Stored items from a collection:
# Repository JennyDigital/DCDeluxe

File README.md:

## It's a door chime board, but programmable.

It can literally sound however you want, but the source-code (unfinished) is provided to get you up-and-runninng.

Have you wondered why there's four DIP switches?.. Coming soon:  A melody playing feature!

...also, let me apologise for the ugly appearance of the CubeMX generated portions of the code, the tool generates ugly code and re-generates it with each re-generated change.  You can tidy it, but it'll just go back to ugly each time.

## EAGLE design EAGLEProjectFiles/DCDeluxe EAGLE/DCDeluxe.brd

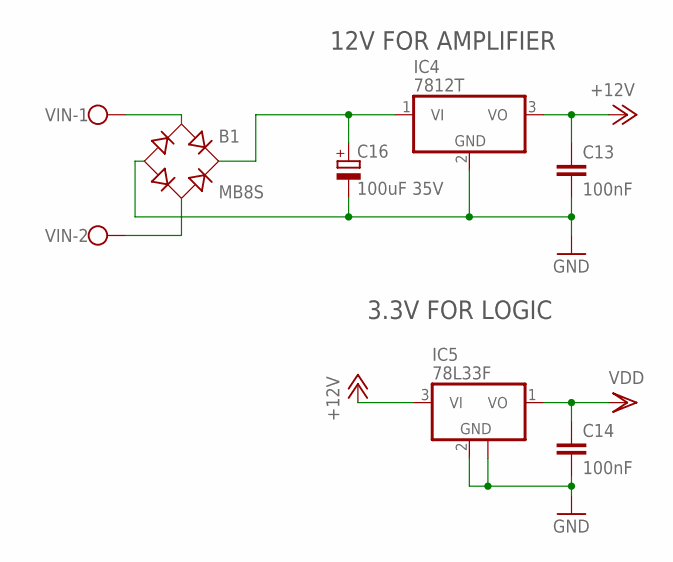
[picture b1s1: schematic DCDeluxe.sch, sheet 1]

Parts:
B1: MB8S; SOIC-4
C13, C14: 100nF; C0603
C16: 100uF 35V; 153CLV-0807
IC4: 7812T; TO220H
IC5: 78L33F; SOT89
VIN: W237-102

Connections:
+12V: C13.1, IC4.3 (VO), IC5.3 (VI); also elsewhere on the board
GND: B1.-, C13.2, C14.2, C16.-, IC4.2 (GND), IC5.2 (GND), IC5.2@1 (GND); also elsewhere on the board
VDD: C14.1, IC5.1 (VO); also elsewhere on the board
VIN1: B1.~1 (AC1), VIN.1; also elsewhere on the board
VIN2: B1.~2 (AC2), VIN.2; also elsewhere on the board
VIN+: B1.+, C16.+, IC4.1 (VI)

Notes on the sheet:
12V FOR AMPLIFIER
3.3V FOR LOGIC

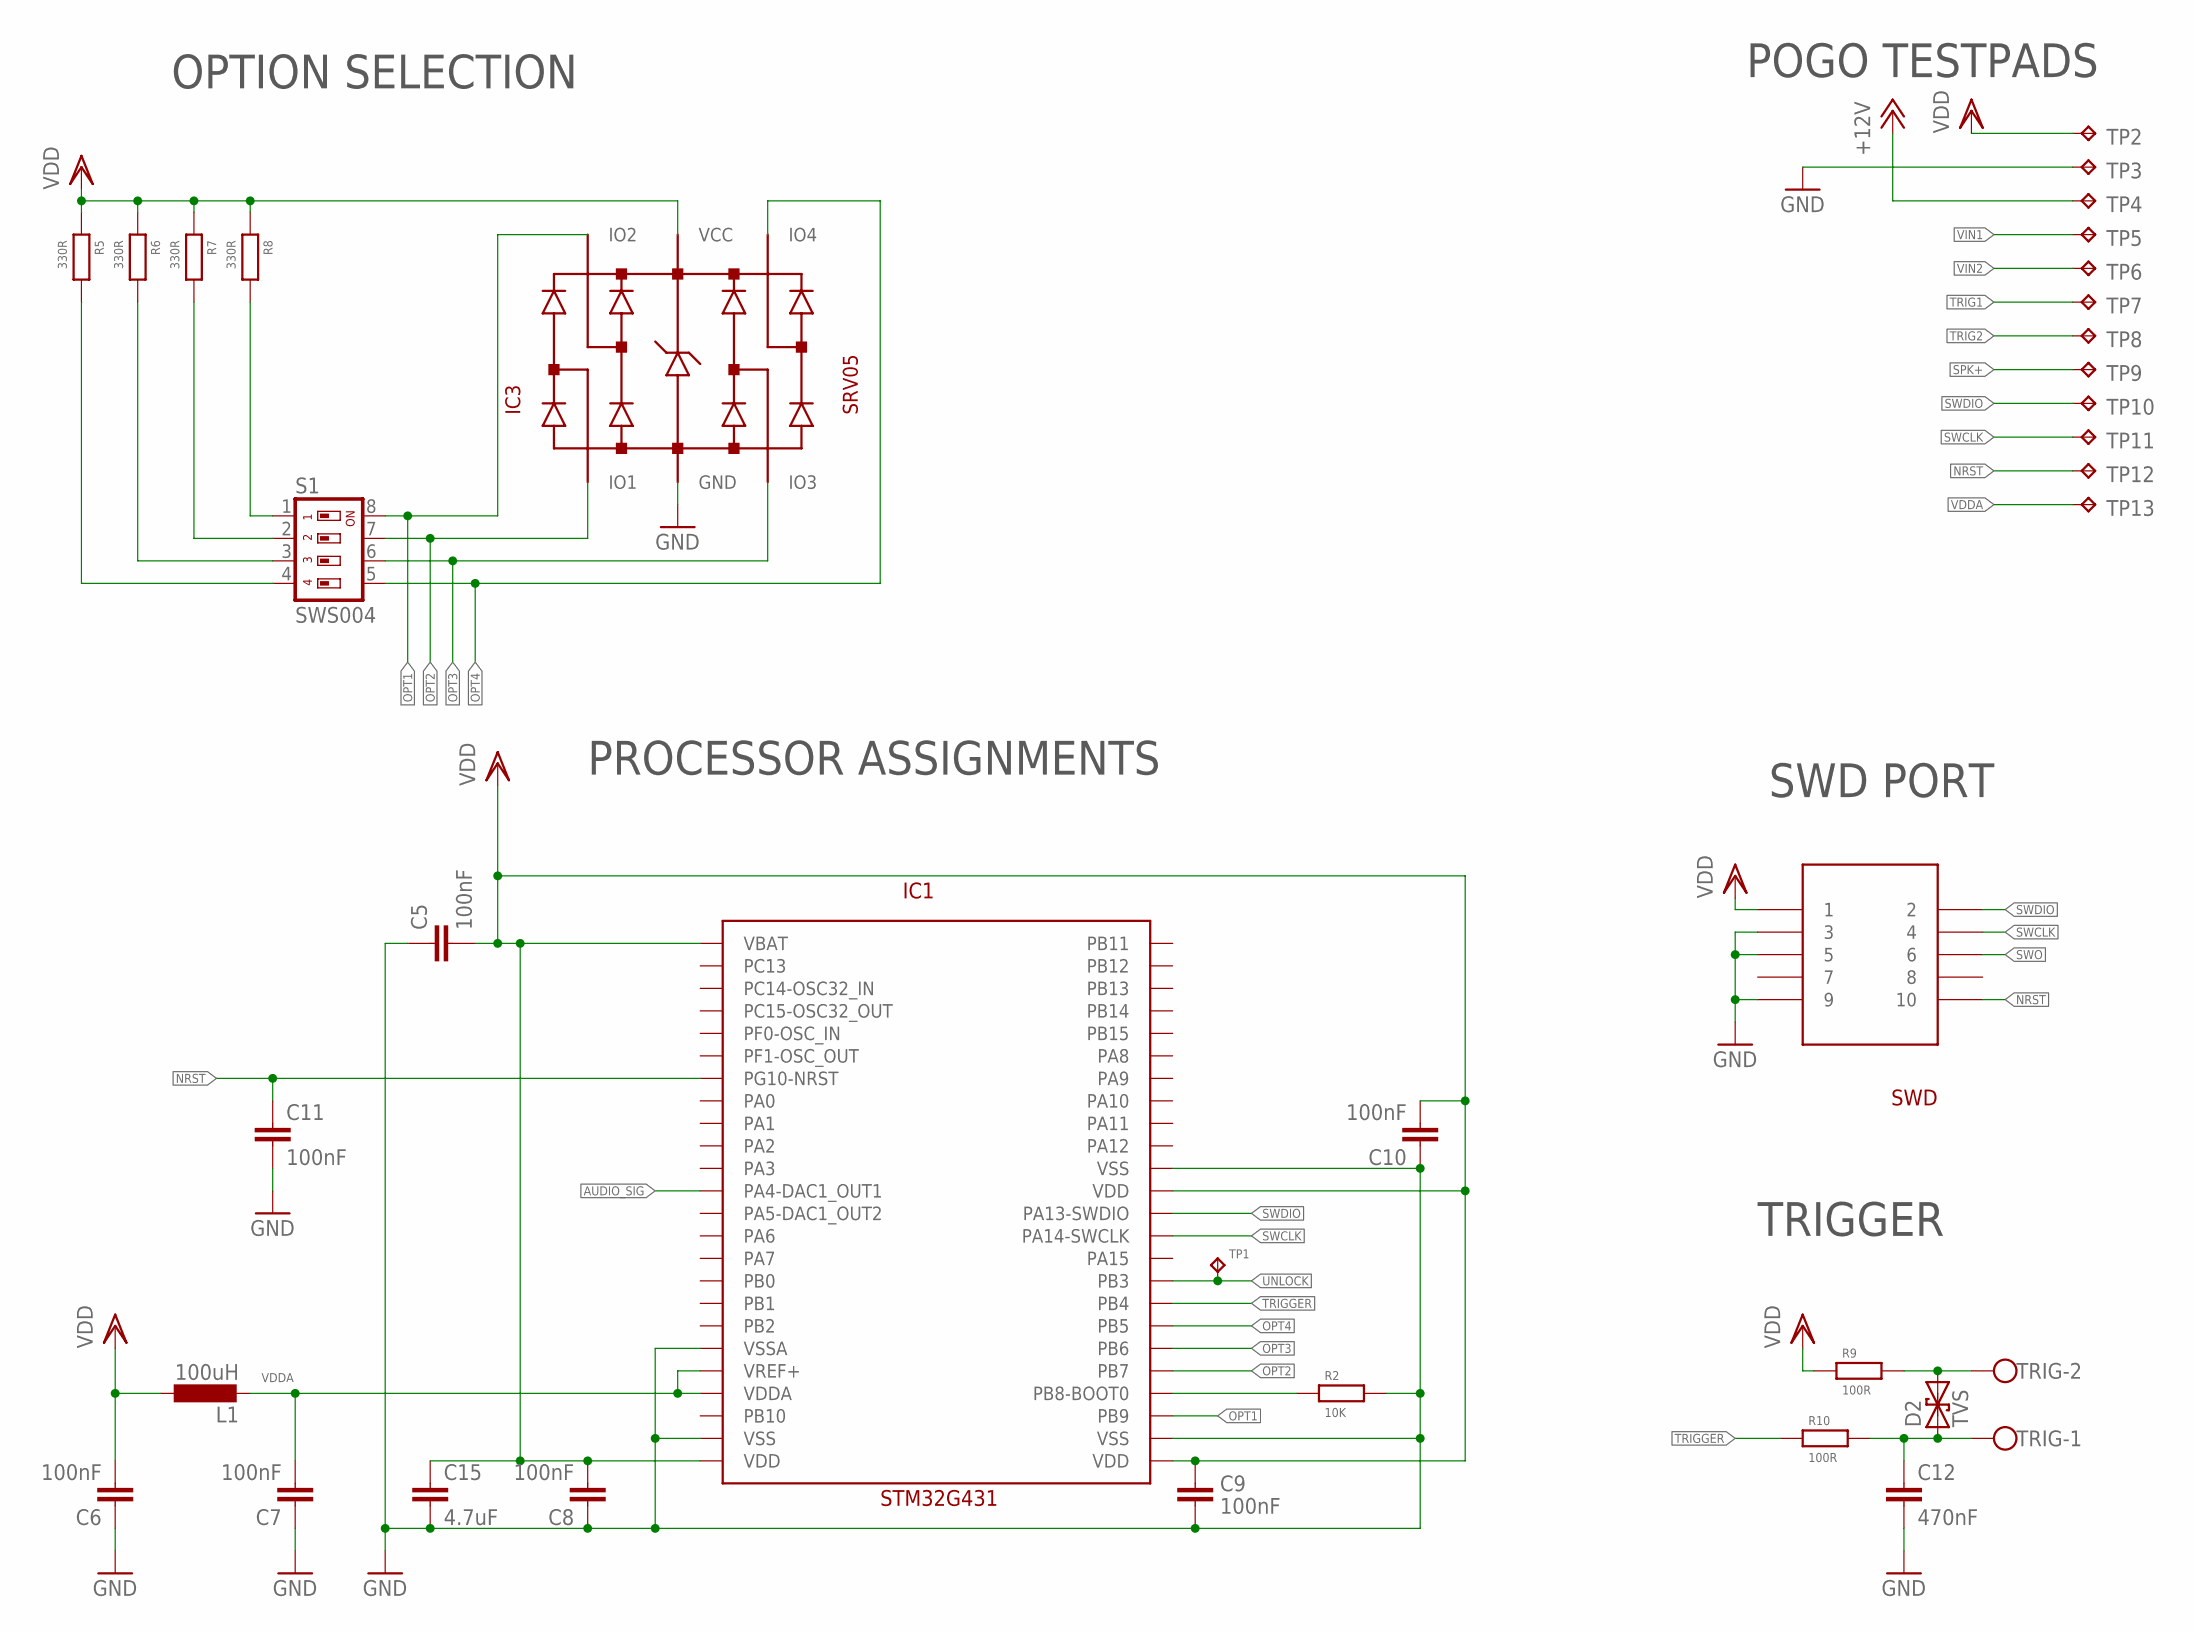
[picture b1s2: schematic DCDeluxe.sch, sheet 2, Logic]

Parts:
C5, C6, C7, C8, C9, C10, C11: 100nF; C0603
C12: 470nF; C0603
C15: 4.7uF; C0603
D2: TVS; SMA-DIODE
IC1: STM32G431; TQFP48
IC3: SRV05; TSOP-6
L1: 100uH; L3225M
R2: 10K; R0603
R5, R6, R7, R8: 330R; R0603
R9, R10: 100R; R0603
S1: SWS004; SMS-004
SWD: FTSH-105-01; FTSH-105-01-XXX-DV-K
TP1: TPTP12R; TP12R
TP2, TP3, TP4, TP5, TP6, TP7, TP8, TP9, TP10, TP11, TP12, TP13: TPTP20R; TP20R
TRIG: W237-102

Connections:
+12V: TP4.TP; also elsewhere on the board
AUDIO_SIG: IC1.PA4-DAC1_OUT1; also elsewhere on the board
BOOT0: IC1.PB8-BOOT0, R2.1
GND: C5.1, C6.1, C7.1, C8.1, C9.1, C10.1, C11.2, C12.2, C15.2, IC1.VSS@23 (VSS), IC1.VSS@35 (VSS), IC1.VSS@47 (VSS), IC1.VSSA, IC3.GND, R2.2, SWD.3, SWD.5, SWD.9, TP3.TP; also elsewhere on the board
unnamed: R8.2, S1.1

# PROBLEM DETAILS
An exact copy of the entries above is required; pictures are not part of it.

# RESPONSE
# Repository JennyDigital/DCDeluxe

File README.md:

## It's a door chime board, but programmable.

It can literally sound however you want, but the source-code (unfinished) is provided to get you up-and-runninng.

Have you wondered why there's four DIP switches?.. Coming soon:  A melody playing feature!

...also, let me apologise for the ugly appearance of the CubeMX generated portions of the code, the tool generates ugly code and re-generates it with each re-generated change.  You can tidy it, but it'll just go back to ugly each time.

## EAGLE design EAGLEProjectFiles/DCDeluxe EAGLE/DCDeluxe.brd

[picture b1s1: schematic DCDeluxe.sch, sheet 1]

Parts:
B1: MB8S; SOIC-4
C13, C14: 100nF; C0603
C16: 100uF 35V; 153CLV-0807
IC4: 7812T; TO220H
IC5: 78L33F; SOT89
VIN: W237-102

Connections:
+12V: C13.1, IC4.3 (VO), IC5.3 (VI); also elsewhere on the board
GND: B1.-, C13.2, C14.2, C16.-, IC4.2 (GND), IC5.2 (GND), IC5.2@1 (GND); also elsewhere on the board
VDD: C14.1, IC5.1 (VO); also elsewhere on the board
VIN1: B1.~1 (AC1), VIN.1; also elsewhere on the board
VIN2: B1.~2 (AC2), VIN.2; also elsewhere on the board
VIN+: B1.+, C16.+, IC4.1 (VI)

Notes on the sheet:
12V FOR AMPLIFIER
3.3V FOR LOGIC

[picture b1s2: schematic DCDeluxe.sch, sheet 2, Logic]

Parts:
C5, C6, C7, C8, C9, C10, C11: 100nF; C0603
C12: 470nF; C0603
C15: 4.7uF; C0603
D2: TVS; SMA-DIODE
IC1: STM32G431; TQFP48
IC3: SRV05; TSOP-6
L1: 100uH; L3225M
R2: 10K; R0603
R5, R6, R7, R8: 330R; R0603
R9, R10: 100R; R0603
S1: SWS004; SMS-004
SWD: FTSH-105-01; FTSH-105-01-XXX-DV-K
TP1: TPTP12R; TP12R
TP2, TP3, TP4, TP5, TP6, TP7, TP8, TP9, TP10, TP11, TP12, TP13: TPTP20R; TP20R
TRIG: W237-102

Connections:
+12V: TP4.TP; also elsewhere on the board
AUDIO_SIG: IC1.PA4-DAC1_OUT1; also elsewhere on the board
BOOT0: IC1.PB8-BOOT0, R2.1
GND: C5.1, C6.1, C7.1, C8.1, C9.1, C10.1, C11.2, C12.2, C15.2, IC1.VSS@23 (VSS), IC1.VSS@35 (VSS), IC1.VSS@47 (VSS), IC1.VSSA, IC3.GND, R2.2, SWD.3, SWD.5, SWD.9, TP3.TP; also elsewhere on the board
unnamed: R8.2, S1.1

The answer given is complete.